Il fondamento della relatività generale è la connessione tra inerzia e gravità. La massa di un corpo esercitante una gravità è esattamente proporzionale alla massa come misura per l'inerzia del corpo. Misurazioni molto accurate non hanno mai rilevato eccezioni a tale regola. Ciò significa che le forze gravitazionali possono essere equiparate alle forze centrifughe generate come reazioni all'inerzia.
Può essere utile ricordare che, quando si parla di forze centrifughe, si allude ad un osservatore che, posto su una giostra in moto circolare, sente una forza apparente spingerlo verso l'esterno, cioè nel verso opposto a quello della forza centripeta che guida la traiettoria circolare.
La forza centrifuga è detta anche reazione centrifuga perché si tratta di una reazione dovuta all'inerzia del corpo. In altre parole: il corpo, per inerzia, reagisce alla forza impostagli dal vincolo tentando di sfuggirgli e tale reazione è detta forza inerziale centrifuga.
Poiché le forze centrifughe sembravano causate da proprietà fisiche dello spazio vuoto, Einstein ipotizzò l'esistenza di un legame causale tra queste proprietà e le masse che producono la gravitazione. Ovvero: le forze centrifughe in un sistema ruotante devono essere prodotte dalla rotazione (relativa al sistema) di masse forse molto distanti. Che è come dire: Einstein fu colpito dalla rassomiglianza tra gli effetti gravitazionali e quelli dell'inerzia, perché in entrambi i casi la forza è proporzionale alla massa.
Per spiegare come mai due corpi di massa diversa cadono al suolo con la stessa accelerazione gravitazionale, Newton era stato costretto ad introdurre il concetto di inerzia. Sebbene la forza di gravità che attrae una palla di ferro sia dieci volte maggiore di quella che agisce una palla di legno uguale, l'inerzia che trattiene è 10 volte maggiore. Per questo l'accelerazione è uguale. Einstein pensò che poteva essere possibile utilizzare l'inerzia per creare o eliminare un campo gravitazionale. Ad esempio: una navicella spaziale non può restare ferma nello spazio; la forza di gravità la farebbe precipitare al suolo. Se resta in orbita è perché possiede una velocità tale per cui la forza centrifuga annulla gli effetti di quella gravitazionale, che ha un effetto centripeto.

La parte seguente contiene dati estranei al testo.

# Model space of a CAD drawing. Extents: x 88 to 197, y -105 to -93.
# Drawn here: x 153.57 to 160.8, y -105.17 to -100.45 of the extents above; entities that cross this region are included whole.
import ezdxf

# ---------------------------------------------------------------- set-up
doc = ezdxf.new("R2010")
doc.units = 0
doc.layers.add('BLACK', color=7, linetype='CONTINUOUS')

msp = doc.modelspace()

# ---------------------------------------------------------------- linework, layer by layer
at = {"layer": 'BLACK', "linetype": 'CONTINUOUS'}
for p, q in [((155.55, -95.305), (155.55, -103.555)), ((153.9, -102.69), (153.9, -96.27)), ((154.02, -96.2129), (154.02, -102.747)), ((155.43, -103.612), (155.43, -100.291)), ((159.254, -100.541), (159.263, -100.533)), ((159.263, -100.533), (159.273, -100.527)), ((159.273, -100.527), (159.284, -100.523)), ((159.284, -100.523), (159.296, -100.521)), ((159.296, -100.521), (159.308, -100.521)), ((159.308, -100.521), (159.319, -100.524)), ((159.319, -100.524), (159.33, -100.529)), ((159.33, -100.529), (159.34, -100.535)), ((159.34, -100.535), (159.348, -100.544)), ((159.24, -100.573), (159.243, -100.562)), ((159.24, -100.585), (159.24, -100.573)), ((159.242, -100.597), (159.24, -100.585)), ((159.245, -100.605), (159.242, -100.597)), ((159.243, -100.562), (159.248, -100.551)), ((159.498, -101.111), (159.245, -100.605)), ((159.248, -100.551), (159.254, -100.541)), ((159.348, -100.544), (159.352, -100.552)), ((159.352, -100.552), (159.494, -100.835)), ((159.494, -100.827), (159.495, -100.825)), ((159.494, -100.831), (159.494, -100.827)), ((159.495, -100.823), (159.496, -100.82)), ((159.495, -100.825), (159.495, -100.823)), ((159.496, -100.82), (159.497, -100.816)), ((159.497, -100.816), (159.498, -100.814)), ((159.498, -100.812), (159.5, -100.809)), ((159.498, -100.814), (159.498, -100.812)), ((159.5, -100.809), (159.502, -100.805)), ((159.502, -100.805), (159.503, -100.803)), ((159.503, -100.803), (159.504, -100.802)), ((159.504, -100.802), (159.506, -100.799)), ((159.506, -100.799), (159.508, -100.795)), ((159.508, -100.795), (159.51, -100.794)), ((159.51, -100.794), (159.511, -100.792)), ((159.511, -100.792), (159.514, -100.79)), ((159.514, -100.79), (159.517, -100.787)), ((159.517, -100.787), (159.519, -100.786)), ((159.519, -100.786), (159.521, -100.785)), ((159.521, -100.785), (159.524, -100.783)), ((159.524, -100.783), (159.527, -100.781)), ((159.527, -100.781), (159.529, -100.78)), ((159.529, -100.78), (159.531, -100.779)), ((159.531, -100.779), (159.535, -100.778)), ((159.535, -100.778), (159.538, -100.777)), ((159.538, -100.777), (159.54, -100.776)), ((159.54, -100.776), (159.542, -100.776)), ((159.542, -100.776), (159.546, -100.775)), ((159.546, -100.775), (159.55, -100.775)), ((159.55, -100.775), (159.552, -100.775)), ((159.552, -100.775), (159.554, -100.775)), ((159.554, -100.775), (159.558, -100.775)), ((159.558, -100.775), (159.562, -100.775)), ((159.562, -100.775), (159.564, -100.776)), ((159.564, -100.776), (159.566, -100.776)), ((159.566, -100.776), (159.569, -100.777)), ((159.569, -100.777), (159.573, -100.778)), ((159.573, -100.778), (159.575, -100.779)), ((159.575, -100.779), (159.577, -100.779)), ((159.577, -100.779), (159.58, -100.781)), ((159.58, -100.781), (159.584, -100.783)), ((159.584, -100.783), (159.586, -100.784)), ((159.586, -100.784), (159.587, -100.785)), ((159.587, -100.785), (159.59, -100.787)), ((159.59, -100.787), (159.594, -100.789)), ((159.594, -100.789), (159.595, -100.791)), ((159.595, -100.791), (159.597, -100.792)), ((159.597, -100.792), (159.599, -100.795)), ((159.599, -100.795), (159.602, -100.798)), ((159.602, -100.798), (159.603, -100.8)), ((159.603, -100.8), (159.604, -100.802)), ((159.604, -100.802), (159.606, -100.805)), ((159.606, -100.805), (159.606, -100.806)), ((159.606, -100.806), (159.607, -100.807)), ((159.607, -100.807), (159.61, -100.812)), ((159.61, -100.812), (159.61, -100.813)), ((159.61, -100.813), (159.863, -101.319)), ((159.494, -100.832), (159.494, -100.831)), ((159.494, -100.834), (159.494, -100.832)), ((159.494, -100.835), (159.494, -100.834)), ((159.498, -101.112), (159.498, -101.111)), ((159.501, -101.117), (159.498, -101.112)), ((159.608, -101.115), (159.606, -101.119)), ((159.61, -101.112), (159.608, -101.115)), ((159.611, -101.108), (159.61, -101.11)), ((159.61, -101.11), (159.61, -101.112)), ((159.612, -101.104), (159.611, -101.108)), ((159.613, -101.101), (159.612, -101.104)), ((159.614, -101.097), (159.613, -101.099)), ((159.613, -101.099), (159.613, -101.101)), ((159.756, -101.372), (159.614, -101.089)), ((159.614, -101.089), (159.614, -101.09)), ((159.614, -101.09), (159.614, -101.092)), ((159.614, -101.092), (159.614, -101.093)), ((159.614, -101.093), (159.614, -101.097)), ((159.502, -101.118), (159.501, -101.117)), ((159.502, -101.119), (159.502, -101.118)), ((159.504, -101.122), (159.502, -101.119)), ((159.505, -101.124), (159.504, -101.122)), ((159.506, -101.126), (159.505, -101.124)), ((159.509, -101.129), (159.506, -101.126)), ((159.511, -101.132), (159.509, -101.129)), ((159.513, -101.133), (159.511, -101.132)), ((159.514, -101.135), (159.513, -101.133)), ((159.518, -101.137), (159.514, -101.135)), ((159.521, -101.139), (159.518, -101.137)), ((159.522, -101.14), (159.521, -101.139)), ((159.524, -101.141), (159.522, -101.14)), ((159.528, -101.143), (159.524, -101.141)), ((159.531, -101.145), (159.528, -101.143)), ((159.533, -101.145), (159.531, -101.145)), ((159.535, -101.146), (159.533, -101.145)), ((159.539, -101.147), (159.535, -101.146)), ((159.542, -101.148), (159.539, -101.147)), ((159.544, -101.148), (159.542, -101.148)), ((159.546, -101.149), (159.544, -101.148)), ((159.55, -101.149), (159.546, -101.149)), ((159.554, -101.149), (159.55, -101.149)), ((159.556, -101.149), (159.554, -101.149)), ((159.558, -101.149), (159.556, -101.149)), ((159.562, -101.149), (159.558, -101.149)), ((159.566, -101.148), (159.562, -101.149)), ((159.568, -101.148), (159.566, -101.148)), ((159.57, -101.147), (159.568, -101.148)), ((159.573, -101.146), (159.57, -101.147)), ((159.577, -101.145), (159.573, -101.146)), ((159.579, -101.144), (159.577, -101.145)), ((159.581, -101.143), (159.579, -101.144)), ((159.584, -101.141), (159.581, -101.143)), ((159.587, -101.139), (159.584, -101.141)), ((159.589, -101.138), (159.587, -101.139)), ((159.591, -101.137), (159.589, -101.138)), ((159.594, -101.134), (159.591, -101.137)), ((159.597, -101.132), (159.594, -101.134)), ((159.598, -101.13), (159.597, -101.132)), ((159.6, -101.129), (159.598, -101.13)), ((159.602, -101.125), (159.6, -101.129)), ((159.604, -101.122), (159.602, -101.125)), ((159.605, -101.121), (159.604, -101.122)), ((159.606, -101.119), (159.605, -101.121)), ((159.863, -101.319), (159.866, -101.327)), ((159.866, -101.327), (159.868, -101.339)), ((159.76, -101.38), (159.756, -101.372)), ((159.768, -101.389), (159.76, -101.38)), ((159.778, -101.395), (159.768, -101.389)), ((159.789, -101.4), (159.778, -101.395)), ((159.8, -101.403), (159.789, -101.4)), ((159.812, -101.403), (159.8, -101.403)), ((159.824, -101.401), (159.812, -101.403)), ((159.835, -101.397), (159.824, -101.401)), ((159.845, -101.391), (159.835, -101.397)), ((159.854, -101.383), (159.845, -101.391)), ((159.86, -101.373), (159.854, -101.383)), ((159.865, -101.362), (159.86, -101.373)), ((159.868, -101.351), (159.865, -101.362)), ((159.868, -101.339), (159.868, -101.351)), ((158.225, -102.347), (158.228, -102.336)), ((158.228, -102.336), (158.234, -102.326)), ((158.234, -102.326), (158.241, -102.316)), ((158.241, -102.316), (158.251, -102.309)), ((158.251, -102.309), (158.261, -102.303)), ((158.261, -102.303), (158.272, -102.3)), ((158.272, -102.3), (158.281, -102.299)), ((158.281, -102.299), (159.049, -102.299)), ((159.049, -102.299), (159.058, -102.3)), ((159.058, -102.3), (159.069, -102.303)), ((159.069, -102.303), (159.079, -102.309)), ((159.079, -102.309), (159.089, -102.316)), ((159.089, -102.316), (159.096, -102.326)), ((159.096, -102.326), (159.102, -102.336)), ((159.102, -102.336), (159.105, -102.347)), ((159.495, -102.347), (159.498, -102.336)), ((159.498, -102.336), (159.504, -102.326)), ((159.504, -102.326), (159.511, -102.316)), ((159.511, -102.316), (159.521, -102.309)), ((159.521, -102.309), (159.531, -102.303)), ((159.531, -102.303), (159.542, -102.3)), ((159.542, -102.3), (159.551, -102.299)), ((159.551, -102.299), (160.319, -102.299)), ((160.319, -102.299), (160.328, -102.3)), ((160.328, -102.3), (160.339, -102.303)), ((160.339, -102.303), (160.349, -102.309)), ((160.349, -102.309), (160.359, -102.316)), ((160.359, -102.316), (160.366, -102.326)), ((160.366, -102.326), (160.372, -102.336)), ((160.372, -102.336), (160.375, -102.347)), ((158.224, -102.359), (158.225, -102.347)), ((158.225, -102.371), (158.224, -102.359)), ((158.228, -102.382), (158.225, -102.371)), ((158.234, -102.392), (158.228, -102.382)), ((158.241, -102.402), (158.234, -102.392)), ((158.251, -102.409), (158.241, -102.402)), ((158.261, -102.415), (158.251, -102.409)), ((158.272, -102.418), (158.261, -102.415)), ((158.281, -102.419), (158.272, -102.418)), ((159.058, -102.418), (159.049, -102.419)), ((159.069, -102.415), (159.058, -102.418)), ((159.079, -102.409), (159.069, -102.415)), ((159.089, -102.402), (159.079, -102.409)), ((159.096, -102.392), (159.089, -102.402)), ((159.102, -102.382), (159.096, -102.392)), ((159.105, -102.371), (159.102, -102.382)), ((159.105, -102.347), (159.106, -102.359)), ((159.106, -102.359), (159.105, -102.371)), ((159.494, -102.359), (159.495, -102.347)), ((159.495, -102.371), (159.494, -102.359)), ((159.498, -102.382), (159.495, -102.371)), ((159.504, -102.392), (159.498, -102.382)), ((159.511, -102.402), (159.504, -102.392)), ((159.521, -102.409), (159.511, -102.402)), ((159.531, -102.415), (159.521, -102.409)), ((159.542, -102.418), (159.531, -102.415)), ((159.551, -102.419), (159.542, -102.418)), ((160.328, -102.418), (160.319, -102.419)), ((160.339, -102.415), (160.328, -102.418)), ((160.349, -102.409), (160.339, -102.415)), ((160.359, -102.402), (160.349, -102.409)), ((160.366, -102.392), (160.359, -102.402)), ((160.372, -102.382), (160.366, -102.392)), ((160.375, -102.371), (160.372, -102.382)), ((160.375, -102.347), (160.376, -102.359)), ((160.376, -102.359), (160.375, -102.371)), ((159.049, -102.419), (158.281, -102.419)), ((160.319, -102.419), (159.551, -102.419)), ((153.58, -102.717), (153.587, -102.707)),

Ma ai tempi in cui Einstein lavorava alla redazione della teoria della relatività generale non esistevano navicelle spaziali. Egli dovette ricorrere ad uno dei suoi famosi esperimenti mentali per immaginare che cosa potrebbe accadere ad «una spaziosa cassa che rassomigli ad una stanza, avente al suo interno un osservatore munito di apparecchi.» (1)
La cassa si trova in una larga porzione di spazio, lontana da stelle ed altre masse apprezzabili. Per un osservatore in simili condizioni non esiste alcuna gravitazione. «Egli deve assicurarsi con corde al pavimento, altrimenti il minimo urto contro di questo lo farebbe salire lentamente verso il soffitto della stanza.
Nel mezzo del coperchio della cassa sia fissato esternamente un gancio con una corda attaccata a esso, e supponiamo ora che un "essere" (non ha interesse per noi di qual sorta di essere si tratti) cominci a tirare questa corda con una forza costante. La cassa insieme all'osservatore comincia a muoversi "verso l'alto" di un moto uniformemente accelerato. Con l'andar del tempo la loro velocità accquisterà valori inauditi, purché noi si stia osservando tutto ciò da un altro corpo di riferimento che non sia tirato da una corda.
Ma come giudicherà questo processo la persona situata nella cassa?» (2)
Egli avvertirà tutti i normali effetti della gravitazione, come si trovasse chiuso in una casa sulla Terra. «L'osservatore si convincerà ancora di più che l'accelerazione del corpo verso il pavimento della cassa è sempre la stessa, qualunque sia la specie del corpo che egli possa usare per l'esperimento.» (3)
Einstein suppone, a questo punto, che l'osservatore giunga alla conclusione di trovarsi in un campo gravitazionale costante rispetto al tempo. Allora, si chiederà perché la cassa non cade. Cercherà di capire il motivo e scoprirà che la cassa è appesa ad un gancio sul coperchio esterno. Ne concluderà che la cassa è sospesa nel campo gravitazionale!
«Dobbiamo sorridere - scrive Einstein - di questa persona e dire che essa sbaglia nelle conclusioni che trae? Io credo che non possiamo farlo se vogliamo essere conseguenti; dobbiamo invece ammettere che il suo modo di concepire la situazione non contrasta né con la ragione né con le leggi note della meccanica.» (4)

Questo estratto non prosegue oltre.